Un secolo fa. In Italia gli apparecchi erano qualche decina al massimo. Oggi la radio è ascoltata (dati Radioter appena aggiornati) da 35 milioni e 340mila ascoltatori nel giorno medio, una quantità enorme, una massa che fa opinione e che è commercialmente molto appetitosa. E in questi cento anni in Italia è passata dal monopolio della Rai alle cosiddette radio private e ora alla «radiovisione», ossia alla radio che si ascolta in radio ma che si vede anche in tv (intuizione fortemente messa in pratica da Lorenzo Suraci di Rtl 102.5 e ora di uso quasi comune). È stata la radio, con la voce di Corrado Mantoni, ad annunciare la fine della Seconda guerra mondiale. Primo pomeriggio del 9 maggio 1945: «Interrompiamo le trasmissioni per comunicarvi una notizia straordinaria: la guerra è finita, ripeto la guerra è finita».

In quel momento cambiava il mondo.

Nonostante abbia un secolo, la radio è ancora adolescente perché fatica a invecchiare, è legata a doppio filo con il pop che per definizione non invecchia mai. Il pop è il termometro dell'attualità e la radio misura il pop. Non solo quello musicale, che è sempre centrale in quasi tutti i palinsesti e che tuttora prende forma, si consolida e diventa globale anche, spesso soprattutto, attraverso le trasmissioni radiofoniche in tutto il mondo a tutte le ore. Soprattutto, la radio rende «trasversale» la musica pop, la trasferisce di generazione in generazione ed è un valore aggiunto specialmente oggi, nell'epoca della «verticalizzazione» dei gusti (ad esempio chi è conosciuto dalla Gen Z spesso è totalmente sconosciuto a tutti gli altri).

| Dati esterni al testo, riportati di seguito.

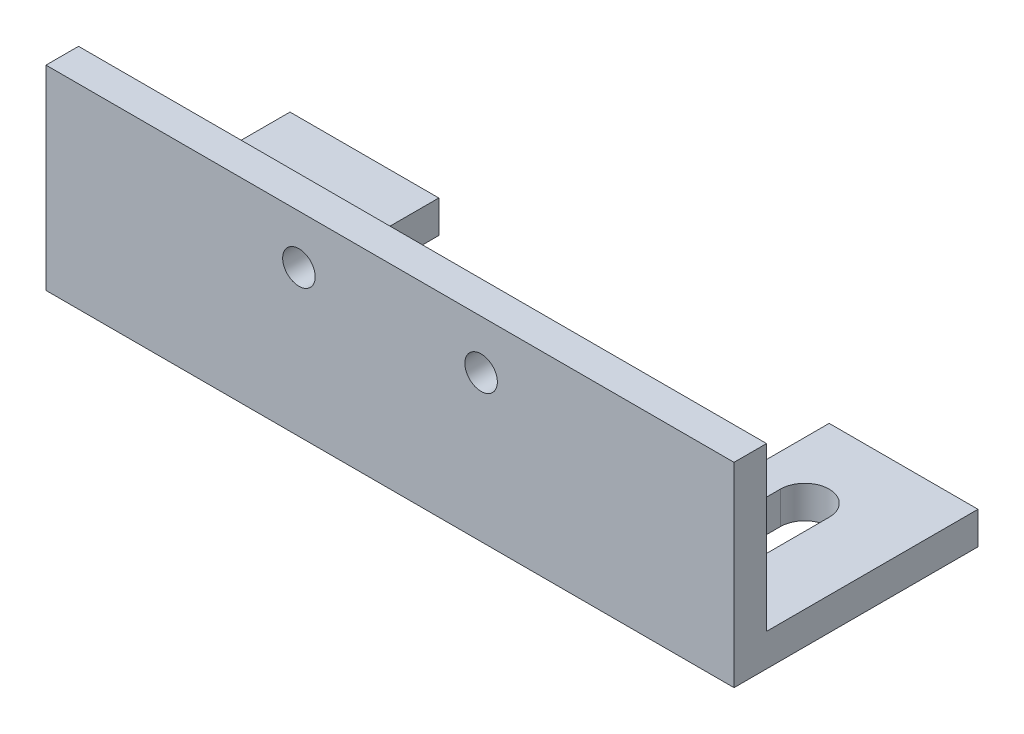
ISO-10303-21;
HEADER;
FILE_DESCRIPTION(('STEP AP214'),'2;1');
FILE_NAME('part.step','',(''),(''),'','','');
FILE_SCHEMA(('AUTOMOTIVE_DESIGN { 1 0 10303 214 1 1 1 1 }'));
ENDSEC;
DATA;
#1=APPLICATION_CONTEXT('core data for automotive mechanical design processes');
#2=APPLICATION_PROTOCOL_DEFINITION('international standard','automotive_design',2000,#1);
#3=PRODUCT_CONTEXT('',#1,'mechanical');
#4=PRODUCT('Part','Part','',(#3));
#5=PRODUCT_RELATED_PRODUCT_CATEGORY('part','',(#4));
#6=PRODUCT_DEFINITION_FORMATION('','',#4);
#7=PRODUCT_DEFINITION_CONTEXT('part definition',#1,'design');
#8=PRODUCT_DEFINITION('design','',#6,#7);
#9=PRODUCT_DEFINITION_SHAPE('','',#8);
#10=(LENGTH_UNIT() NAMED_UNIT(*) SI_UNIT(.MILLI.,.METRE.));
#11=(NAMED_UNIT(*) PLANE_ANGLE_UNIT() SI_UNIT($,.RADIAN.));
#12=(NAMED_UNIT(*) SI_UNIT($,.STERADIAN.) SOLID_ANGLE_UNIT());
#13=UNCERTAINTY_MEASURE_WITH_UNIT(LENGTH_MEASURE(1.E-05),#10,'distance_accuracy_value','');
#14=(GEOMETRIC_REPRESENTATION_CONTEXT(3) GLOBAL_UNCERTAINTY_ASSIGNED_CONTEXT((#13)) GLOBAL_UNIT_ASSIGNED_CONTEXT((#10,
#11,#12)) REPRESENTATION_CONTEXT('',''));
#15=CARTESIAN_POINT('',(0.,0.,0.));
#16=DIRECTION('',(0.,0.,1.));
#17=DIRECTION('',(1.,0.,0.));
#18=AXIS2_PLACEMENT_3D('',#15,#16,#17);
#19=CARTESIAN_POINT('',(0.,2.,0.));
#20=DIRECTION('',(0.,1.,0.));
#21=DIRECTION('',(0.,0.,1.));
#22=AXIS2_PLACEMENT_3D('',#19,#20,#21);
#23=PLANE('',#22);
#24=DIRECTION('',(0.,0.,1.));
#25=VECTOR('',#24,1.);
#26=CARTESIAN_POINT('',(-17.,2.,-2.5));
#27=LINE('',#26,#25);
#28=CARTESIAN_POINT('',(-17.,2.,-2.5));
#29=VERTEX_POINT('',#28);
#30=CARTESIAN_POINT('',(-17.,2.,2.49999999999999));
#31=VERTEX_POINT('',#30);
#32=EDGE_CURVE('E249',#29,#31,#27,.T.);
#33=ORIENTED_EDGE('',*,*,#32,.F.);
#34=CARTESIAN_POINT('',(-15.5,2.,-2.5));
#35=DIRECTION('',(0.,1.,0.));
#36=DIRECTION('',(0.,0.,1.));
#37=AXIS2_PLACEMENT_3D('',#34,#35,#36);
#38=CIRCLE('',#37,1.5);
#39=CARTESIAN_POINT('',(-14.,2.,-2.5));
#40=VERTEX_POINT('',#39);
#41=EDGE_CURVE('E246',#40,#29,#38,.T.);
#42=ORIENTED_EDGE('',*,*,#41,.F.);
#43=DIRECTION('',(0.,0.,-1.));
#44=VECTOR('',#43,1.);
#45=CARTESIAN_POINT('',(-14.,2.,-2.5));
#46=LINE('',#45,#44);
#47=CARTESIAN_POINT('',(-14.,2.,2.49999999999999));
#48=VERTEX_POINT('',#47);
#49=EDGE_CURVE('E257',#48,#40,#46,.T.);
#50=ORIENTED_EDGE('',*,*,#49,.F.);
#51=CARTESIAN_POINT('',(-15.5,2.,2.49999999999999));
#52=DIRECTION('',(0.,1.,0.));
#53=DIRECTION('',(0.,0.,1.));
#54=AXIS2_PLACEMENT_3D('',#51,#52,#53);
#55=CIRCLE('',#54,1.5);
#56=EDGE_CURVE('E253',#31,#48,#55,.T.);
#57=ORIENTED_EDGE('',*,*,#56,.F.);
#58=EDGE_LOOP('',(#33,#42,#50,#57));
#59=FACE_BOUND('',#58,.T.);
#60=DIRECTION('',(0.,0.,1.));
#61=VECTOR('',#60,1.);
#62=CARTESIAN_POINT('',(14.,2.,-2.5));
#63=LINE('',#62,#61);
#64=CARTESIAN_POINT('',(14.,2.,-2.5));
#65=VERTEX_POINT('',#64);
#66=CARTESIAN_POINT('',(14.,2.,2.49999999999999));
#67=VERTEX_POINT('',#66);
#68=EDGE_CURVE('E206',#65,#67,#63,.T.);
#69=ORIENTED_EDGE('',*,*,#68,.F.);
#70=CARTESIAN_POINT('',(15.5,2.,-2.5));
#71=DIRECTION('',(0.,1.,0.));
#72=DIRECTION('',(0.,0.,1.));
#73=AXIS2_PLACEMENT_3D('',#70,#71,#72);
#74=CIRCLE('',#73,1.5);
#75=CARTESIAN_POINT('',(17.,2.,-2.5));
#76=VERTEX_POINT('',#75);
#77=EDGE_CURVE('E203',#76,#65,#74,.T.);
#78=ORIENTED_EDGE('',*,*,#77,.F.);
#79=DIRECTION('',(0.,0.,-1.));
#80=VECTOR('',#79,1.);
#81=CARTESIAN_POINT('',(17.,2.,-2.5));
#82=LINE('',#81,#80);
#83=CARTESIAN_POINT('',(17.,2.,2.49999999999999));
#84=VERTEX_POINT('',#83);
#85=EDGE_CURVE('E214',#84,#76,#82,.T.);
#86=ORIENTED_EDGE('',*,*,#85,.F.);
#87=CARTESIAN_POINT('',(15.5,2.,2.49999999999999));
#88=DIRECTION('',(0.,1.,0.));
#89=DIRECTION('',(0.,0.,1.));
#90=AXIS2_PLACEMENT_3D('',#87,#88,#89);
#91=CIRCLE('',#90,1.5);
#92=EDGE_CURVE('E210',#67,#84,#91,.T.);
#93=ORIENTED_EDGE('',*,*,#92,.F.);
#94=EDGE_LOOP('',(#69,#78,#86,#93));
#95=FACE_BOUND('',#94,.T.);
#96=DIRECTION('',(0.,0.,1.));
#97=VECTOR('',#96,1.);
#98=CARTESIAN_POINT('',(-21.15,2.,-7.5));
#99=LINE('',#98,#97);
#100=CARTESIAN_POINT('',(-21.15,2.,-7.5));
#101=VERTEX_POINT('',#100);
#102=CARTESIAN_POINT('',(-21.15,2.,5.5));
#103=VERTEX_POINT('',#102);
#104=EDGE_CURVE('E60',#101,#103,#99,.T.);
#105=ORIENTED_EDGE('',*,*,#104,.T.);
#106=DIRECTION('',(1.,0.,0.));
#107=VECTOR('',#106,1.);
#108=CARTESIAN_POINT('',(0.,2.,5.5));
#109=LINE('',#108,#107);
#110=CARTESIAN_POINT('',(21.15,2.,5.5));
#111=VERTEX_POINT('',#110);
#112=EDGE_CURVE('E55',#103,#111,#109,.T.);
#113=ORIENTED_EDGE('',*,*,#112,.T.);
#114=DIRECTION('',(0.,0.,-1.));
#115=VECTOR('',#114,1.);
#116=CARTESIAN_POINT('',(21.15,2.,-7.5));
#117=LINE('',#116,#115);
#118=CARTESIAN_POINT('',(21.15,2.,-7.5));
#119=VERTEX_POINT('',#118);
#120=EDGE_CURVE('E169',#111,#119,#117,.T.);
#121=ORIENTED_EDGE('',*,*,#120,.T.);
#122=DIRECTION('',(-1.,0.,0.));
#123=VECTOR('',#122,1.);
#124=CARTESIAN_POINT('',(12.,2.,-7.5));
#125=LINE('',#124,#123);
#126=CARTESIAN_POINT('',(12.,2.,-7.5));
#127=VERTEX_POINT('',#126);
#128=EDGE_CURVE('E291',#119,#127,#125,.T.);
#129=ORIENTED_EDGE('',*,*,#128,.T.);
#130=DIRECTION('',(0.,0.,1.));
#131=VECTOR('',#130,1.);
#132=CARTESIAN_POINT('',(12.,2.,-7.5));
#133=LINE('',#132,#131);
#134=CARTESIAN_POINT('',(12.,2.,2.49999999999999));
#135=VERTEX_POINT('',#134);
#136=EDGE_CURVE('E295',#127,#135,#133,.T.);
#137=ORIENTED_EDGE('',*,*,#136,.T.);
#138=DIRECTION('',(-1.,0.,0.));
#139=VECTOR('',#138,1.);
#140=CARTESIAN_POINT('',(12.,2.,2.49999999999999));
#141=LINE('',#140,#139);
#142=CARTESIAN_POINT('',(-12.,2.,2.49999999999999));
#143=VERTEX_POINT('',#142);
#144=EDGE_CURVE('E298',#135,#143,#141,.T.);
#145=ORIENTED_EDGE('',*,*,#144,.T.);
#146=DIRECTION('',(0.,0.,-1.));
#147=VECTOR('',#146,1.);
#148=CARTESIAN_POINT('',(-12.,2.,2.49999999999999));
#149=LINE('',#148,#147);
#150=CARTESIAN_POINT('',(-12.,2.,-7.5));
#151=VERTEX_POINT('',#150);
#152=EDGE_CURVE('E301',#143,#151,#149,.T.);
#153=ORIENTED_EDGE('',*,*,#152,.T.);
#154=DIRECTION('',(-1.,0.,0.));
#155=VECTOR('',#154,1.);
#156=CARTESIAN_POINT('',(-21.15,2.,-7.5));
#157=LINE('',#156,#155);
#158=EDGE_CURVE('E304',#151,#101,#157,.T.);
#159=ORIENTED_EDGE('',*,*,#158,.T.);
#160=EDGE_LOOP('',(#105,#113,#121,#129,#137,#145,#153,#159));
#161=FACE_BOUND('',#160,.T.);
#162=ADVANCED_FACE('F39',(#59,#95,#161),#23,.T.);
#163=CARTESIAN_POINT('',(0.,0.,0.));
#164=DIRECTION('',(0.,1.,0.));
#165=DIRECTION('',(0.,0.,1.));
#166=AXIS2_PLACEMENT_3D('',#163,#164,#165);
#167=PLANE('',#166);
#168=DIRECTION('',(1.,0.,0.));
#169=VECTOR('',#168,1.);
#170=CARTESIAN_POINT('',(-21.15,0.,7.5));
#171=LINE('',#170,#169);
#172=CARTESIAN_POINT('',(-21.15,0.,7.5));
#173=VERTEX_POINT('',#172);
#174=CARTESIAN_POINT('',(21.15,0.,7.5));
#175=VERTEX_POINT('',#174);
#176=EDGE_CURVE('E292',#173,#175,#171,.T.);
#177=ORIENTED_EDGE('',*,*,#176,.F.);
#178=DIRECTION('',(0.,0.,1.));
#179=VECTOR('',#178,1.);
#180=CARTESIAN_POINT('',(-21.15,0.,-7.5));
#181=LINE('',#180,#179);
#182=CARTESIAN_POINT('',(-21.15,0.,-7.5));
#183=VERTEX_POINT('',#182);
#184=EDGE_CURVE('E327',#183,#173,#181,.T.);
#185=ORIENTED_EDGE('',*,*,#184,.F.);
#186=DIRECTION('',(-1.,0.,0.));
#187=VECTOR('',#186,1.);
#188=CARTESIAN_POINT('',(-21.15,0.,-7.5));
#189=LINE('',#188,#187);
#190=CARTESIAN_POINT('',(-12.,0.,-7.5));
#191=VERTEX_POINT('',#190);
#192=EDGE_CURVE('E324',#191,#183,#189,.T.);
#193=ORIENTED_EDGE('',*,*,#192,.F.);
#194=DIRECTION('',(0.,0.,-1.));
#195=VECTOR('',#194,1.);
#196=CARTESIAN_POINT('',(-12.,0.,2.49999999999999));
#197=LINE('',#196,#195);
#198=CARTESIAN_POINT('',(-12.,0.,2.49999999999999));
#199=VERTEX_POINT('',#198);
#200=EDGE_CURVE('E321',#199,#191,#197,.T.);
#201=ORIENTED_EDGE('',*,*,#200,.F.);
#202=DIRECTION('',(-1.,0.,0.));
#203=VECTOR('',#202,1.);
#204=CARTESIAN_POINT('',(12.,0.,2.49999999999999));
#205=LINE('',#204,#203);
#206=CARTESIAN_POINT('',(12.,0.,2.49999999999999));
#207=VERTEX_POINT('',#206);
#208=EDGE_CURVE('E318',#207,#199,#205,.T.);
#209=ORIENTED_EDGE('',*,*,#208,.F.);
#210=DIRECTION('',(0.,0.,1.));
#211=VECTOR('',#210,1.);
#212=CARTESIAN_POINT('',(12.,0.,-7.5));
#213=LINE('',#212,#211);
#214=CARTESIAN_POINT('',(12.,0.,-7.5));
#215=VERTEX_POINT('',#214);
#216=EDGE_CURVE('E315',#215,#207,#213,.T.);
#217=ORIENTED_EDGE('',*,*,#216,.F.);
#218=DIRECTION('',(-1.,0.,0.));
#219=VECTOR('',#218,1.);
#220=CARTESIAN_POINT('',(12.,0.,-7.5));
#221=LINE('',#220,#219);
#222=CARTESIAN_POINT('',(21.15,0.,-7.5));
#223=VERTEX_POINT('',#222);
#224=EDGE_CURVE('E312',#223,#215,#221,.T.);
#225=ORIENTED_EDGE('',*,*,#224,.F.);
#226=DIRECTION('',(0.,0.,-1.));
#227=VECTOR('',#226,1.);
#228=CARTESIAN_POINT('',(21.15,0.,-7.5));
#229=LINE('',#228,#227);
#230=EDGE_CURVE('E288',#175,#223,#229,.T.);
#231=ORIENTED_EDGE('',*,*,#230,.F.);
#232=EDGE_LOOP('',(#177,#185,#193,#201,#209,#217,#225,#231));
#233=FACE_BOUND('',#232,.T.);
#234=CARTESIAN_POINT('',(15.5,0.,-2.5));
#235=DIRECTION('',(0.,1.,0.));
#236=DIRECTION('',(0.,0.,1.));
#237=AXIS2_PLACEMENT_3D('',#234,#235,#236);
#238=CIRCLE('',#237,1.5);
#239=CARTESIAN_POINT('',(17.,0.,-2.5));
#240=VERTEX_POINT('',#239);
#241=CARTESIAN_POINT('',(14.,0.,-2.5));
#242=VERTEX_POINT('',#241);
#243=EDGE_CURVE('E202',#240,#242,#238,.T.);
#244=ORIENTED_EDGE('',*,*,#243,.T.);
#245=DIRECTION('',(0.,0.,1.));
#246=VECTOR('',#245,1.);
#247=CARTESIAN_POINT('',(14.,0.,-2.5));
#248=LINE('',#247,#246);
#249=CARTESIAN_POINT('',(14.,0.,2.49999999999999));
#250=VERTEX_POINT('',#249);
#251=EDGE_CURVE('E221',#242,#250,#248,.T.);
#252=ORIENTED_EDGE('',*,*,#251,.T.);
#253=CARTESIAN_POINT('',(15.5,0.,2.49999999999999));
#254=DIRECTION('',(0.,1.,0.));
#255=DIRECTION('',(0.,0.,1.));
#256=AXIS2_PLACEMENT_3D('',#253,#254,#255);
#257=CIRCLE('',#256,1.5);
#258=CARTESIAN_POINT('',(17.,0.,2.49999999999999));
#259=VERTEX_POINT('',#258);
#260=EDGE_CURVE('E225',#250,#259,#257,.T.);
#261=ORIENTED_EDGE('',*,*,#260,.T.);
#262=DIRECTION('',(0.,0.,-1.));
#263=VECTOR('',#262,1.);
#264=CARTESIAN_POINT('',(17.,0.,-2.5));
#265=LINE('',#264,#263);
#266=EDGE_CURVE('E207',#259,#240,#265,.T.);
#267=ORIENTED_EDGE('',*,*,#266,.T.);
#268=EDGE_LOOP('',(#244,#252,#261,#267));
#269=FACE_BOUND('',#268,.T.);
#270=CARTESIAN_POINT('',(-15.5,0.,-2.5));
#271=DIRECTION('',(0.,1.,0.));
#272=DIRECTION('',(0.,0.,1.));
#273=AXIS2_PLACEMENT_3D('',#270,#271,#272);
#274=CIRCLE('',#273,1.5);
#275=CARTESIAN_POINT('',(-14.,0.,-2.5));
#276=VERTEX_POINT('',#275);
#277=CARTESIAN_POINT('',(-17.,0.,-2.5));
#278=VERTEX_POINT('',#277);
#279=EDGE_CURVE('E245',#276,#278,#274,.T.);
#280=ORIENTED_EDGE('',*,*,#279,.T.);
#281=DIRECTION('',(0.,0.,1.));
#282=VECTOR('',#281,1.);
#283=CARTESIAN_POINT('',(-17.,0.,-2.5));
#284=LINE('',#283,#282);
#285=CARTESIAN_POINT('',(-17.,0.,2.49999999999999));
#286=VERTEX_POINT('',#285);
#287=EDGE_CURVE('E264',#278,#286,#284,.T.);
#288=ORIENTED_EDGE('',*,*,#287,.T.);
#289=CARTESIAN_POINT('',(-15.5,0.,2.49999999999999));
#290=DIRECTION('',(0.,1.,0.));
#291=DIRECTION('',(0.,0.,1.));
#292=AXIS2_PLACEMENT_3D('',#289,#290,#291);
#293=CIRCLE('',#292,1.5);
#294=CARTESIAN_POINT('',(-14.,0.,2.49999999999999));
#295=VERTEX_POINT('',#294);
#296=EDGE_CURVE('E268',#286,#295,#293,.T.);
#297=ORIENTED_EDGE('',*,*,#296,.T.);
#298=DIRECTION('',(0.,0.,-1.));
#299=VECTOR('',#298,1.);
#300=CARTESIAN_POINT('',(-14.,0.,-2.5));
#301=LINE('',#300,#299);
#302=EDGE_CURVE('E250',#295,#276,#301,.T.);
#303=ORIENTED_EDGE('',*,*,#302,.T.);
#304=EDGE_LOOP('',(#280,#288,#297,#303));
#305=FACE_BOUND('',#304,.T.);
#306=ADVANCED_FACE('F367',(#233,#269,#305),#167,.F.);
#307=CARTESIAN_POINT('',(21.15,2.,-7.5));
#308=DIRECTION('',(-1.,0.,0.));
#309=DIRECTION('',(0.,0.,1.));
#310=AXIS2_PLACEMENT_3D('',#307,#308,#309);
#311=PLANE('',#310);
#312=ORIENTED_EDGE('',*,*,#230,.T.);
#313=DIRECTION('',(0.,-1.,0.));
#314=VECTOR('',#313,1.);
#315=CARTESIAN_POINT('',(21.15,2.,-7.5));
#316=LINE('',#315,#314);
#317=EDGE_CURVE('E11',#119,#223,#316,.T.);
#318=ORIENTED_EDGE('',*,*,#317,.F.);
#319=ORIENTED_EDGE('',*,*,#120,.F.);
#320=DIRECTION('',(0.,1.,0.));
#321=VECTOR('',#320,1.);
#322=CARTESIAN_POINT('',(21.15,0.,5.5));
#323=LINE('',#322,#321);
#324=CARTESIAN_POINT('',(21.15,12.,5.5));
#325=VERTEX_POINT('',#324);
#326=EDGE_CURVE('E163',#111,#325,#323,.T.);
#327=ORIENTED_EDGE('',*,*,#326,.T.);
#328=DIRECTION('',(0.,0.,1.));
#329=VECTOR('',#328,1.);
#330=CARTESIAN_POINT('',(21.15,12.,5.5));
#331=LINE('',#330,#329);
#332=CARTESIAN_POINT('',(21.15,12.,7.5));
#333=VERTEX_POINT('',#332);
#334=EDGE_CURVE('E166',#325,#333,#331,.T.);
#335=ORIENTED_EDGE('',*,*,#334,.T.);
#336=DIRECTION('',(0.,-1.,0.));
#337=VECTOR('',#336,1.);
#338=CARTESIAN_POINT('',(21.15,2.,7.5));
#339=LINE('',#338,#337);
#340=EDGE_CURVE('E309',#333,#175,#339,.T.);
#341=ORIENTED_EDGE('',*,*,#340,.T.);
#342=EDGE_LOOP('',(#312,#318,#319,#327,#335,#341));
#343=FACE_BOUND('',#342,.T.);
#344=ADVANCED_FACE('F41',(#343),#311,.F.);
#345=CARTESIAN_POINT('',(12.,2.,-7.5));
#346=DIRECTION('',(0.,0.,1.));
#347=DIRECTION('',(1.,0.,0.));
#348=AXIS2_PLACEMENT_3D('',#345,#346,#347);
#349=PLANE('',#348);
#350=ORIENTED_EDGE('',*,*,#224,.T.);
#351=DIRECTION('',(0.,-1.,0.));
#352=VECTOR('',#351,1.);
#353=CARTESIAN_POINT('',(12.,2.,-7.5));
#354=LINE('',#353,#352);
#355=EDGE_CURVE('E48',#127,#215,#354,.T.);
#356=ORIENTED_EDGE('',*,*,#355,.F.);
#357=ORIENTED_EDGE('',*,*,#128,.F.);
#358=ORIENTED_EDGE('',*,*,#317,.T.);
#359=EDGE_LOOP('',(#350,#356,#357,#358));
#360=FACE_BOUND('',#359,.T.);
#361=ADVANCED_FACE('F382',(#360),#349,.F.);
#362=CARTESIAN_POINT('',(12.,2.,-7.5));
#363=DIRECTION('',(1.,0.,0.));
#364=DIRECTION('',(0.,0.,-1.));
#365=AXIS2_PLACEMENT_3D('',#362,#363,#364);
#366=PLANE('',#365);
#367=ORIENTED_EDGE('',*,*,#216,.T.);
#368=DIRECTION('',(0.,-1.,0.));
#369=VECTOR('',#368,1.);
#370=CARTESIAN_POINT('',(12.,2.,2.49999999999999));
#371=LINE('',#370,#369);
#372=EDGE_CURVE('E350',#135,#207,#371,.T.);
#373=ORIENTED_EDGE('',*,*,#372,.F.);
#374=ORIENTED_EDGE('',*,*,#136,.F.);
#375=ORIENTED_EDGE('',*,*,#355,.T.);
#376=EDGE_LOOP('',(#367,#373,#374,#375));
#377=FACE_BOUND('',#376,.T.);
#378=ADVANCED_FACE('F359',(#377),#366,.F.);
#379=CARTESIAN_POINT('',(12.,2.,2.49999999999999));
#380=DIRECTION('',(0.,0.,1.));
#381=DIRECTION('',(1.,0.,0.));
#382=AXIS2_PLACEMENT_3D('',#379,#380,#381);
#383=PLANE('',#382);
#384=ORIENTED_EDGE('',*,*,#208,.T.);
#385=DIRECTION('',(0.,-1.,0.));
#386=VECTOR('',#385,1.);
#387=CARTESIAN_POINT('',(-12.,2.,2.49999999999999));
#388=LINE('',#387,#386);
#389=EDGE_CURVE('E346',#143,#199,#388,.T.);
#390=ORIENTED_EDGE('',*,*,#389,.F.);
#391=ORIENTED_EDGE('',*,*,#144,.F.);
#392=ORIENTED_EDGE('',*,*,#372,.T.);
#393=EDGE_LOOP('',(#384,#390,#391,#392));
#394=FACE_BOUND('',#393,.T.);
#395=ADVANCED_FACE('F374',(#394),#383,.F.);
#396=CARTESIAN_POINT('',(-12.,2.,2.49999999999999));
#397=DIRECTION('',(-1.,0.,0.));
#398=DIRECTION('',(0.,0.,1.));
#399=AXIS2_PLACEMENT_3D('',#396,#397,#398);
#400=PLANE('',#399);
#401=ORIENTED_EDGE('',*,*,#200,.T.);
#402=DIRECTION('',(0.,-1.,0.));
#403=VECTOR('',#402,1.);
#404=CARTESIAN_POINT('',(-12.,2.,-7.5));
#405=LINE('',#404,#403);
#406=EDGE_CURVE('E342',#151,#191,#405,.T.);
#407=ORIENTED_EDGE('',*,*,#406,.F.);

Ma, festeggiando il secolo di vita italiana, la radio esalta una caratteristica che per decenni è passata sotto traccia ma che ora è luminosamente evidente: è stata il primo social network della storia. E non serve soltanto pensare a Chiamate Roma 3131, la trasmissione di Radio2 che dal 1969 al 1995 è stata il «primo tentativo in Italia di contatto diretto e senza filtri tra l'ascoltatore ed il mezzo di comunicazione». La radio è stata sin da subito il primo medium capace di trasmettere istantaneamente, e a distanza, una informazione a una quantità smisurata di persone, una caratteristica che nell'epoca delle news in tempo reale sembra quasi scontata ma che è stata unica e decisiva per decenni.

Ecco, l'unicità.

La radio l'ha sempre conservata, «resistendo» all'arrivo della televisione e ai suoi linguaggi spesso diametralmente opposti. Ora è la comunicazione invasiva e virale dei social network a minacciare questa unicità. Forse senza volerlo, molti network assorbono lo stile e i contenuti di X o di Instagram travasandoli nei loro palinsesti. È una perdita di potenzialità e riconoscibilità comunicativa che forse sarà compensata con il tempo con quella capacità di adattamento che la radio continua a dimostrare. Prendiamo ad esempio la cosiddetta «radiovisione» che il critico Aldo Grasso ha impietosamente ridotto a «Tv di Serie B». In effetti, riprese e montaggi spesso hanno ancora un rilievo quasi dilettantesco. Ma la differenza resta sempre la stessa: una radio si può godere anche a occhi chiusi e, ascoltandola, l'invisibile diventa visibile.

Un piccolo miracolo che tuttora non riesce a nessun altro.